Instructions to follow
Check each line of the data below for the word "origin". How many lines have it? Answer with the number alone.

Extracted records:
+++

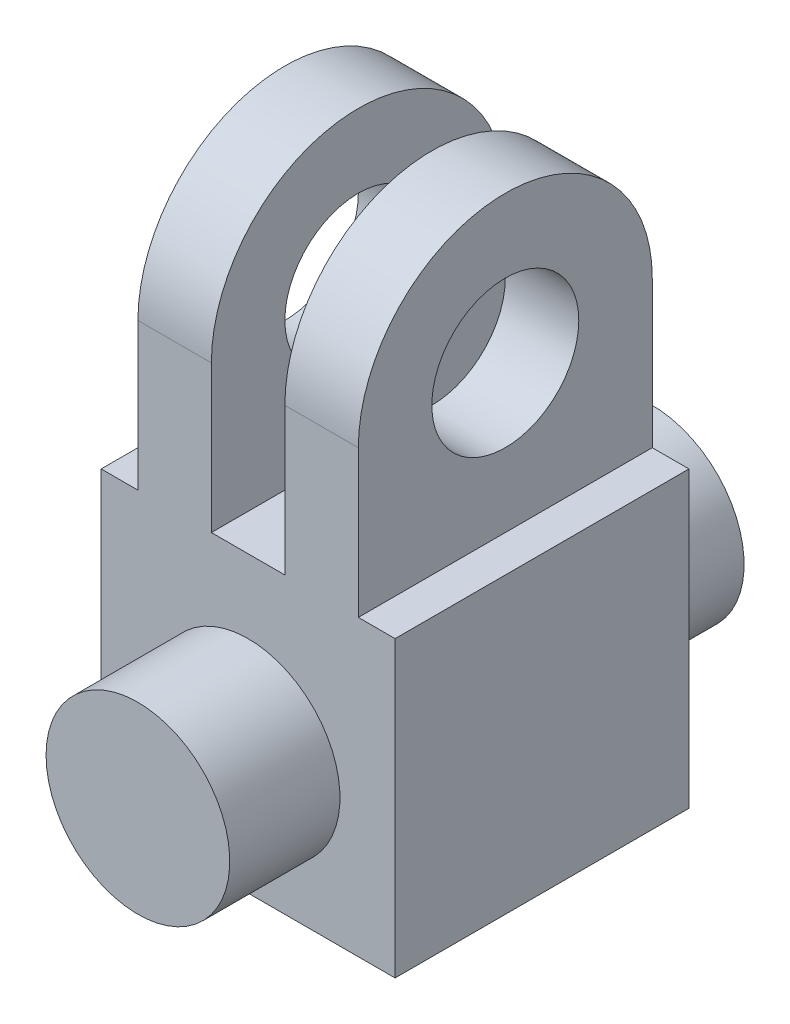
from build123d import *

# Parameters (mm, degrees)
CROQUIS1_W                   = 80
CROQUIS1_H                   = 80
SALIENTE_EXTRUIR1_DEPTH      = 160
CROQUIS2_W                   = 10
CROQUIS2_H                   = 80
CORTAR_EXTRUIR1_DEPTH        = 80
CROQUIS3_W                   = 20
CROQUIS3_H                   = 80
CORTAR_EXTRUIR2_DEPTH        = 80
CROQUIS4_R                   = 20
CORTAR_EXTRUIR3_DEPTH        = 80
CROQUIS5_R                   = 25
SALIENTE_EXTRUIR2_DEPTH      = 30
SALIENTE_EXTRUIR2_DEPTH_BACK = 110


with BuildPart() as part:
    # Croquis1 → Saliente-Extruir1 (new body)
    with BuildSketch(Plane(origin=(0, 0, 0), x_dir=(1, 0, 0), z_dir=(0, 1, 0))):
        with Locations((40, -40)):
            Rectangle(CROQUIS1_W, CROQUIS1_H)
    extrude(amount=SALIENTE_EXTRUIR1_DEPTH)

    # Croquis2 → Cortar-Extruir1 (cut)
    with BuildSketch(Plane(origin=(0, 160, 0), x_dir=(1, 0, 0), z_dir=(0, 1, 0))):
        with Locations((5, -40)):
            Rectangle(CROQUIS2_W, CROQUIS2_H)
        with Locations((75, -40)):
            Rectangle(CROQUIS2_W, CROQUIS2_H)
    extrude(amount=-CORTAR_EXTRUIR1_DEPTH, mode=Mode.SUBTRACT)

    # Croquis3 → Cortar-Extruir2 (cut)
    with BuildSketch(Plane(origin=(0, 160, 0), x_dir=(1, 0, 0), z_dir=(0, 1, 0))):
        with Locations((40, -40)):
            Rectangle(CROQUIS3_W, CROQUIS3_H)
    extrude(amount=-CORTAR_EXTRUIR2_DEPTH, mode=Mode.SUBTRACT)

    # Croquis4 → Cortar-Extruir3 (cut)
    with BuildSketch(Plane(origin=(70, 0, 0), x_dir=(0, 0, -1), z_dir=(1, 0, 0))):
        with BuildLine():
            Line((-80, 160), (-80, 120))
            ThreePointArc((-80, 120), (-68.284271247, 148.284271247), (-40, 160))
            Line((-40, 160), (-80, 160))
        make_face()
        with BuildLine():
            Line((0, 160), (-40, 160))
            ThreePointArc((-40, 160), (-11.715728753, 148.284271247), (0, 120))
            Line((0, 120), (0, 160))
        make_face()
        with Locations((-40, 120)):
            Circle(CROQUIS4_R)
    extrude(amount=-CORTAR_EXTRUIR3_DEPTH, mode=Mode.SUBTRACT)

    # Croquis5 → Saliente-Extruir2 (add, two sides)
    with BuildSketch(Plane(origin=(0, 0, 0), x_dir=(-1, 0, 0), z_dir=(0, 0, -1))) as saliente_extruir2_sk:
        with Locations((-40, 35)):
            Circle(CROQUIS5_R)
    extrude(amount=SALIENTE_EXTRUIR2_DEPTH)
    extrude(saliente_extruir2_sk.sketch, amount=-SALIENTE_EXTRUIR2_DEPTH_BACK)


solid = part.part
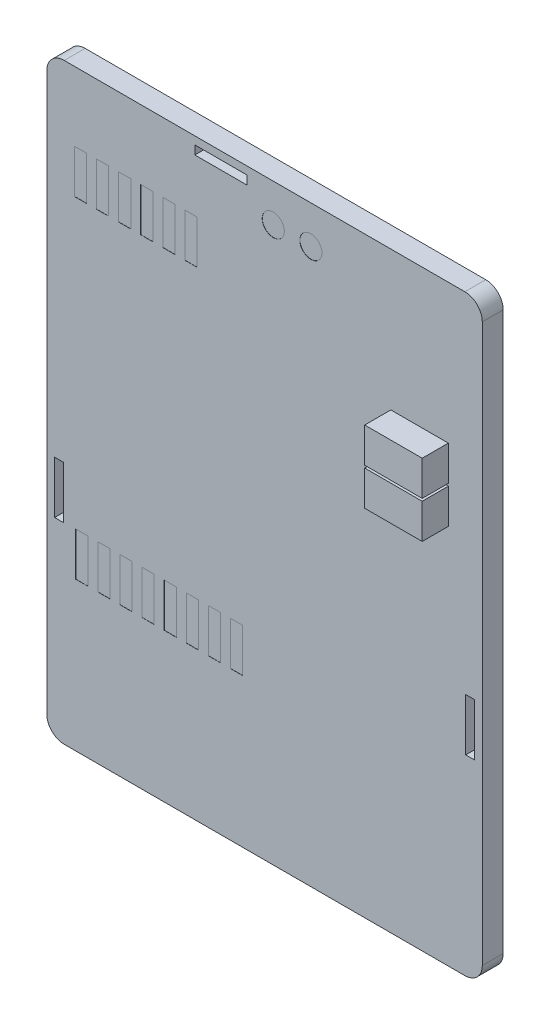
from build123d import *

# Parameters (mm, degrees)
SKETCH_1_W          = 25
SKETCH_1_H          = 34
EXTRUDE_1_DEPTH     = 1.2
SKETCH_1_3_W        = 0.7
SKETCH_1_3_H        = 2.5
SKETCH_1_3_R        = 0.635
CUT_EXTRUDE_1_DEPTH = 0.01
SKETCH_1_4_W        = 3
SKETCH_1_4_H        = 0.5
SKETCH_1_4_W_2      = 0.5
SKETCH_1_4_H_2      = 3
CUT_EXTRUDE_2_DEPTH = 2.2
FILLET_1_R          = 1
SKETCH_1_5_W        = 3.3
SKETCH_1_5_H        = 2
EXTRUDE_2_DEPTH     = 1.5


with BuildPart() as part:
    # Sketch 1 → Extrude 1 (new body)
    with BuildSketch(Plane.XY):
        with Locations((12.5, 17)):
            Rectangle(SKETCH_1_W, SKETCH_1_H)
    extrude(amount=-EXTRUDE_1_DEPTH)

    # Sketch 1_3 → Cut-Extrude 1 (cut)
    with BuildSketch(Plane.XY):
        with Locations((1.93, 28.778)):
            Rectangle(SKETCH_1_3_W, SKETCH_1_3_H)
        with Locations((3.2, 28.778)):
            Rectangle(SKETCH_1_3_W, SKETCH_1_3_H)
        with Locations((5.74, 28.778)):
            Rectangle(SKETCH_1_3_W, SKETCH_1_3_H)
        with Locations((7.01, 28.778)):
            Rectangle(SKETCH_1_3_W, SKETCH_1_3_H)
        with Locations((8.28, 28.778)):
            Rectangle(SKETCH_1_3_W, SKETCH_1_3_H)
        with Locations((13, 31.826)):
            Circle(SKETCH_1_3_R)
        with Locations((15.159, 31.826)):
            Circle(SKETCH_1_3_R)
        with Locations((4.47, 28.778)):
            Rectangle(SKETCH_1_3_W, SKETCH_1_3_H)
        with Locations((2.007, 9.787)):
            Rectangle(SKETCH_1_3_W, SKETCH_1_3_H)
        with Locations((3.277, 9.787)):
            Rectangle(SKETCH_1_3_W, SKETCH_1_3_H)
        with Locations((4.547, 9.787)):
            Rectangle(SKETCH_1_3_W, SKETCH_1_3_H)
        with Locations((5.817, 9.787)):
            Rectangle(SKETCH_1_3_W, SKETCH_1_3_H)
        with Locations((7.087, 9.787)):
            Rectangle(SKETCH_1_3_W, SKETCH_1_3_H)
        with Locations((8.357, 9.787)):
            Rectangle(SKETCH_1_3_W, SKETCH_1_3_H)
        with Locations((9.627, 9.787)):
            Rectangle(SKETCH_1_3_W, SKETCH_1_3_H)
        with Locations((10.897, 9.787)):
            Rectangle(SKETCH_1_3_W, SKETCH_1_3_H)
    extrude(amount=-CUT_EXTRUDE_1_DEPTH, mode=Mode.SUBTRACT)

    # Sketch 1_4 → Cut-Extrude 2 (cut, through all)
    with BuildSketch(Plane.XY):
        with Locations((10, 33.3)):
            Rectangle(SKETCH_1_4_W, SKETCH_1_4_H)
        with Locations((0.7, 12.5)):
            Rectangle(SKETCH_1_4_W_2, SKETCH_1_4_H_2)
        with Locations((24.3, 12.5)):
            Rectangle(SKETCH_1_4_W_2, SKETCH_1_4_H_2)
    extrude(amount=-CUT_EXTRUDE_2_DEPTH, mode=Mode.SUBTRACT)

    # Fillet 1
    fillet_1_edges = [part.edges().sort_by_distance(p)[0] for p in [
        (0, 0, -0.6),
        (0, 34, -0.6),
        (25, 34, -0.6),
        (25, 0, -0.6),
    ]]
    fillet(fillet_1_edges, radius=FILLET_1_R)

    # Sketch 1_5 → Extrude 2 (add)
    with BuildSketch(Plane.XY):
        with Locations((21.4, 25)):
            Rectangle(SKETCH_1_5_W, SKETCH_1_5_H)
        with Locations((21.4, 22.86)):
            Rectangle(SKETCH_1_5_W, SKETCH_1_5_H)
    extrude(amount=EXTRUDE_2_DEPTH)


solid = part.part

+++

Answer for the task
5